* [What the task requires]: Please give again every entry exactly as it appears, setting aside the pictures.

* [Data under study]:
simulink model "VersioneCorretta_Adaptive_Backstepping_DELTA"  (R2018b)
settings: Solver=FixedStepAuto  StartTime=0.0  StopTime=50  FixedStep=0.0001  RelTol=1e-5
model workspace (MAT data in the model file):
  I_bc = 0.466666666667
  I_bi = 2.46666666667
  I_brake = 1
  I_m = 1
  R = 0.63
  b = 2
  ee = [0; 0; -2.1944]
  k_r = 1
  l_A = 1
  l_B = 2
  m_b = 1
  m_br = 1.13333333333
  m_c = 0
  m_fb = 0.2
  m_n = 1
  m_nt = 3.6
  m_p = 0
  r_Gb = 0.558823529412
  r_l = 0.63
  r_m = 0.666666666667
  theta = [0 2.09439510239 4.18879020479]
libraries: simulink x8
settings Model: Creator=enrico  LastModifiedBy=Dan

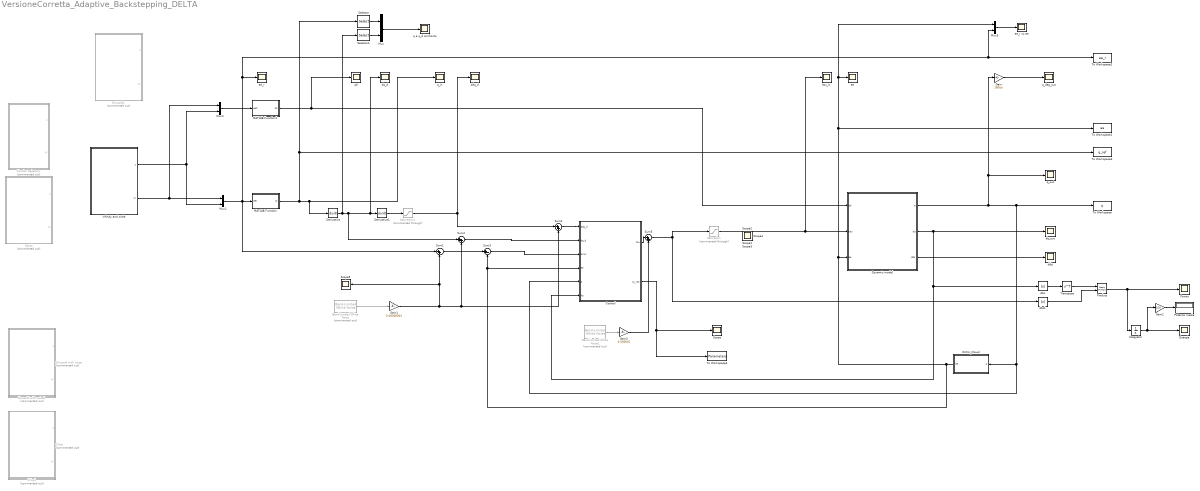
== system VersioneCorretta_Adaptive_Backstepping_DELTA ==
  Abs : Abs
  Abs1 : Abs
  Band-Limited White Noise : simulink/Sources/Band-Limited White Noise  Commented=on  Cov=[100000 100000 100000]  Ts=0.01  seed=[23341 23 45]
  Band-Limited White Noise1 : simulink/Sources/Band-Limited White Noise  Commented=on  Cov=[100000 100000 100000]  Ts=0.01  seed=[23341 23 45]
  Chirp : Subsystem  Commented=on
  Chirp1 : Subsystem  Commented=on
  Circular trajectory : Subsystem  Commented=on
  Control : Subsystem  mask{K_l=400, K_d=50, K_r=30}
      mask prompts: K_l "Kinematic control gain"; K_d "Derivative gain"; K_r "Regressor gain"
  Derivative : Derivative
  Derivative1 : Derivative
  DirKin_Clavel : MATLAB Function  TreatAsAtomicUnit=on
      mask init:
      | loadvar
  Dynamic model : Subsystem
  Energia : Scope
  Gain : Gain  Gain=180/pi
  Gain1 : Gain  Gain=0.00000001
  Gain2 : Gain  Gain=1/10
  Gain3 : Gain  Gain=0.000001
  Integrator : Integrator
  MATLAB Function : MATLAB Function  TreatAsAtomicUnit=on
  MATLAB Function1 : MATLAB Function  TreatAsAtomicUnit=on
  Mux{,1..3} (4 alike) : Mux  Inputs=2
  Potenza media : Display
  Power : Scope
  Product : Product  Multiplication=Matrix(*)
  Saturation : Saturate  Commented=through  UpperLimit=100  LowerLimit=-100  ZeroCross=off
  Saturation1 : Saturate  Commented=through  UpperLimit=20  LowerLimit=-20  ZeroCross=off
  Scope{,1..5} (6 alike) : Scope
  Selector : Selector  InputPortWidth=3  IndexOptions=Index vector (dialog)  Indices=[1]  OutputSizes=1
  Selector1 : Selector  InputPortWidth=3  IndexOptions=Index vector (dialog)  Indices=[1]  OutputSizes=1
  Sinusoid with noise : Subsystem  Commented=on
  Sinusoid with noise1 : Subsystem  Commented=on
  Sinusoid1 : Subsystem  Commented=on
  Spiral : Subsystem  Commented=on
  Sum{1..2,4..5} (4 alike) : Sum  Inputs=|++
  Sum3 : Sum  Inputs=|+-
  To Workspace : ToWorkspace  VariableName=q  SampleTime=-1
  To Workspace1 : ToWorkspace  VariableName=ee  SampleTime=-1
  To Workspace2 : ToWorkspace  VariableName=ee_r  SampleTime=-1
  To Workspace3 : ToWorkspace  VariableName=q_ref  SampleTime=-1
  To Workspace4 : ToWorkspace  VariableName=Parameters  SampleTime=-1
  Transpose : Math  Operator=transpose  SaturateOnIntegerOverflow=on
  ddq : Scope
  ddq_d : Scope
  "dq_d " : Scope
  "dq_out " : Scope
  "ee " : Scope
  ee_r : Scope
  ee_r vs ee : Scope
  infinity and circle : Subsystem
  q e q_d confronto : Scope
  "q0 " : Scope
  "q_deg_out " : Scope
  q_in : Scope
  q_out : Scope
  tau_in : Scope
  wires:
  Gain/1 -> "q_deg_out "/1
  Dynamic model/3(ddq) -> ddq/1
  Dynamic model/1(q) -> q_out/1, Gain/1, Control/5(q), DirKin_Clavel/1(q), To Workspace/1
  MATLAB Function1/1(q0) -> Dynamic model/1("q0 "), "q0 "/1
  Mux2/1 -> MATLAB Function1/1(ee0)
  Dynamic model/2(dq) -> Control/6(dq), Abs/1, "dq_out "/1
  Sum5/1 -> Abs1/1, Saturation/1
  Derivative1/1 -> Saturation1/1
  Saturation1/1 -> ddq_d/1, Sum4/1
  Product/1 -> Integrator/1, Power/1
  Transpose/1 -> Product/1
  Abs/1 -> Transpose/1
  Abs1/1 -> Product/2
  Mux/1 -> q e q_d confronto/1
  Selector/1 -> Mux/1
  Selector1/1 -> Mux/2
  MATLAB Function/1(qr) -> Selector/1, To Workspace3/1, q_in/1, Derivative/1
  Derivative/1 -> Sum2/1, Derivative1/1, "dq_d "/1, Selector1/1
  Mux3/1 -> ee_r vs ee/1
  Mux1/1 -> Sum1/1, MATLAB Function/1(eer), ee_r/1, To Workspace2/1, Mux3/2
  Integrator/1 -> Gain2/1, Energia/1
  Gain2/1 -> Potenza media/1
  Sum3/1 -> Control/3(error)
  DirKin_Clavel/1(ee) -> Control/4(ee), Sum3/2, Mux3/1, "ee "/1, To Workspace1/1, Dynamic model/3(ee)
  Control/2(pi_vec) -> To Workspace4/1, Scope/1
  infinity and circle/1(z) -> Mux2/2, Mux1/2
  infinity and circle/2("xy ") -> Mux2/1, Mux1/1
  Saturation/1 -> Dynamic model/2(tau), tau_in/1
  Sum1/1 -> Sum3/1
  Sum2/1 -> Control/2(dq_d)
  Band-Limited White Noise/1 -> Gain1/1
  Gain1/1 -> Sum2/2, Sum4/2, Sum1/2, Scope5/1
  Sum4/1 -> Control/1(ddq_d)
  Control/1(tau) -> Sum5/1
  Band-Limited White Noise1/1 -> Gain3/1
  Gain3/1 -> Sum5/2

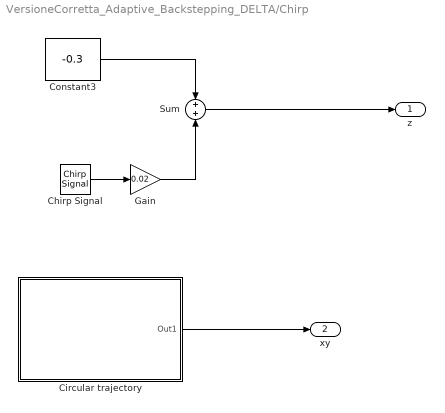
== system VersioneCorretta_Adaptive_Backstepping_DELTA/Chirp ==
  Chirp Signal : simulink/Sources/Chirp Signal  f1=1  T=25  f2=60
  Circular trajectory : Subsystem  mask{A=0.08, F=3}
      mask prompts: A "Amplitude"; F "Frequency"
  Constant3 : Constant  Value=-0.3  SampleTime=-1
  Gain : Gain  Gain=0.02
  Sum : Sum  Inputs=+|+
  z : Outport
  xy : Outport  Port=2
  wires:
  Sum/1 -> z/1
  Constant3/1 -> Sum/1
  Chirp Signal/1 -> Gain/1
  Circular trajectory/1(Out1) -> xy/1
  Gain/1 -> Sum/2

== system VersioneCorretta_Adaptive_Backstepping_DELTA/Chirp1 ==
  Chirp Signal : simulink/Sources/Chirp Signal  f1=1  T=25  f2=60
  Circular trajectory : Subsystem  mask{A=0.08, F=3}
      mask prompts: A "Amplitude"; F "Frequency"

* [Response area]:
simulink model "VersioneCorretta_Adaptive_Backstepping_DELTA"  (R2018b)
settings: Solver=FixedStepAuto  StartTime=0.0  StopTime=50  FixedStep=0.0001  RelTol=1e-5
model workspace (MAT data in the model file):
  I_bc = 0.466666666667
  I_bi = 2.46666666667
  I_brake = 1
  I_m = 1
  R = 0.63
  b = 2
  ee = [0; 0; -2.1944]
  k_r = 1
  l_A = 1
  l_B = 2
  m_b = 1
  m_br = 1.13333333333
  m_c = 0
  m_fb = 0.2
  m_n = 1
  m_nt = 3.6
  m_p = 0
  r_Gb = 0.558823529412
  r_l = 0.63
  r_m = 0.666666666667
  theta = [0 2.09439510239 4.18879020479]
libraries: simulink x8
settings Model: Creator=enrico  LastModifiedBy=Dan

== system VersioneCorretta_Adaptive_Backstepping_DELTA ==
  Abs : Abs
  Abs1 : Abs
  Band-Limited White Noise : simulink/Sources/Band-Limited White Noise  Commented=on  Cov=[100000 100000 100000]  Ts=0.01  seed=[23341 23 45]
  Band-Limited White Noise1 : simulink/Sources/Band-Limited White Noise  Commented=on  Cov=[100000 100000 100000]  Ts=0.01  seed=[23341 23 45]
  Chirp : Subsystem  Commented=on
  Chirp1 : Subsystem  Commented=on
  Circular trajectory : Subsystem  Commented=on
  Control : Subsystem  mask{K_l=400, K_d=50, K_r=30}
      mask prompts: K_l "Kinematic control gain"; K_d "Derivative gain"; K_r "Regressor gain"
  Derivative : Derivative
  Derivative1 : Derivative
  DirKin_Clavel : MATLAB Function  TreatAsAtomicUnit=on
      mask init:
      | loadvar
  Dynamic model : Subsystem
  Energia : Scope
  Gain : Gain  Gain=180/pi
  Gain1 : Gain  Gain=0.00000001
  Gain2 : Gain  Gain=1/10
  Gain3 : Gain  Gain=0.000001
  Integrator : Integrator
  MATLAB Function : MATLAB Function  TreatAsAtomicUnit=on
  MATLAB Function1 : MATLAB Function  TreatAsAtomicUnit=on
  Mux{,1..3} (4 alike) : Mux  Inputs=2
  Potenza media : Display
  Power : Scope
  Product : Product  Multiplication=Matrix(*)
  Saturation : Saturate  Commented=through  UpperLimit=100  LowerLimit=-100  ZeroCross=off
  Saturation1 : Saturate  Commented=through  UpperLimit=20  LowerLimit=-20  ZeroCross=off
  Scope{,1..5} (6 alike) : Scope
  Selector : Selector  InputPortWidth=3  IndexOptions=Index vector (dialog)  Indices=[1]  OutputSizes=1
  Selector1 : Selector  InputPortWidth=3  IndexOptions=Index vector (dialog)  Indices=[1]  OutputSizes=1
  Sinusoid with noise : Subsystem  Commented=on
  Sinusoid with noise1 : Subsystem  Commented=on
  Sinusoid1 : Subsystem  Commented=on
  Spiral : Subsystem  Commented=on
  Sum{1..2,4..5} (4 alike) : Sum  Inputs=|++
  Sum3 : Sum  Inputs=|+-
  To Workspace : ToWorkspace  VariableName=q  SampleTime=-1
  To Workspace1 : ToWorkspace  VariableName=ee  SampleTime=-1
  To Workspace2 : ToWorkspace  VariableName=ee_r  SampleTime=-1
  To Workspace3 : ToWorkspace  VariableName=q_ref  SampleTime=-1
  To Workspace4 : ToWorkspace  VariableName=Parameters  SampleTime=-1
  Transpose : Math  Operator=transpose  SaturateOnIntegerOverflow=on
  ddq : Scope
  ddq_d : Scope
  "dq_d " : Scope
  "dq_out " : Scope
  "ee " : Scope
  ee_r : Scope
  ee_r vs ee : Scope
  infinity and circle : Subsystem
  q e q_d confronto : Scope
  "q0 " : Scope
  "q_deg_out " : Scope
  q_in : Scope
  q_out : Scope
  tau_in : Scope
  wires:
  Gain/1 -> "q_deg_out "/1
  Dynamic model/3(ddq) -> ddq/1
  Dynamic model/1(q) -> q_out/1, Gain/1, Control/5(q), DirKin_Clavel/1(q), To Workspace/1
  MATLAB Function1/1(q0) -> Dynamic model/1("q0 "), "q0 "/1
  Mux2/1 -> MATLAB Function1/1(ee0)
  Dynamic model/2(dq) -> Control/6(dq), Abs/1, "dq_out "/1
  Sum5/1 -> Abs1/1, Saturation/1
  Derivative1/1 -> Saturation1/1
  Saturation1/1 -> ddq_d/1, Sum4/1
  Product/1 -> Integrator/1, Power/1
  Transpose/1 -> Product/1
  Abs/1 -> Transpose/1
  Abs1/1 -> Product/2
  Mux/1 -> q e q_d confronto/1
  Selector/1 -> Mux/1
  Selector1/1 -> Mux/2
  MATLAB Function/1(qr) -> Selector/1, To Workspace3/1, q_in/1, Derivative/1
  Derivative/1 -> Sum2/1, Derivative1/1, "dq_d "/1, Selector1/1
  Mux3/1 -> ee_r vs ee/1
  Mux1/1 -> Sum1/1, MATLAB Function/1(eer), ee_r/1, To Workspace2/1, Mux3/2
  Integrator/1 -> Gain2/1, Energia/1
  Gain2/1 -> Potenza media/1
  Sum3/1 -> Control/3(error)
  DirKin_Clavel/1(ee) -> Control/4(ee), Sum3/2, Mux3/1, "ee "/1, To Workspace1/1, Dynamic model/3(ee)
  Control/2(pi_vec) -> To Workspace4/1, Scope/1
  infinity and circle/1(z) -> Mux2/2, Mux1/2
  infinity and circle/2("xy ") -> Mux2/1, Mux1/1
  Saturation/1 -> Dynamic model/2(tau), tau_in/1
  Sum1/1 -> Sum3/1
  Sum2/1 -> Control/2(dq_d)
  Band-Limited White Noise/1 -> Gain1/1
  Gain1/1 -> Sum2/2, Sum4/2, Sum1/2, Scope5/1
  Sum4/1 -> Control/1(ddq_d)
  Control/1(tau) -> Sum5/1
  Band-Limited White Noise1/1 -> Gain3/1
  Gain3/1 -> Sum5/2

== system VersioneCorretta_Adaptive_Backstepping_DELTA/Chirp ==
  Chirp Signal : simulink/Sources/Chirp Signal  f1=1  T=25  f2=60
  Circular trajectory : Subsystem  mask{A=0.08, F=3}
      mask prompts: A "Amplitude"; F "Frequency"
  Constant3 : Constant  Value=-0.3  SampleTime=-1
  Gain : Gain  Gain=0.02
  Sum : Sum  Inputs=+|+
  z : Outport
  xy : Outport  Port=2
  wires:
  Sum/1 -> z/1
  Constant3/1 -> Sum/1
  Chirp Signal/1 -> Gain/1
  Circular trajectory/1(Out1) -> xy/1
  Gain/1 -> Sum/2

== system VersioneCorretta_Adaptive_Backstepping_DELTA/Chirp1 ==
  Chirp Signal : simulink/Sources/Chirp Signal  f1=1  T=25  f2=60
  Circular trajectory : Subsystem  mask{A=0.08, F=3}
      mask prompts: A "Amplitude"; F "Frequency"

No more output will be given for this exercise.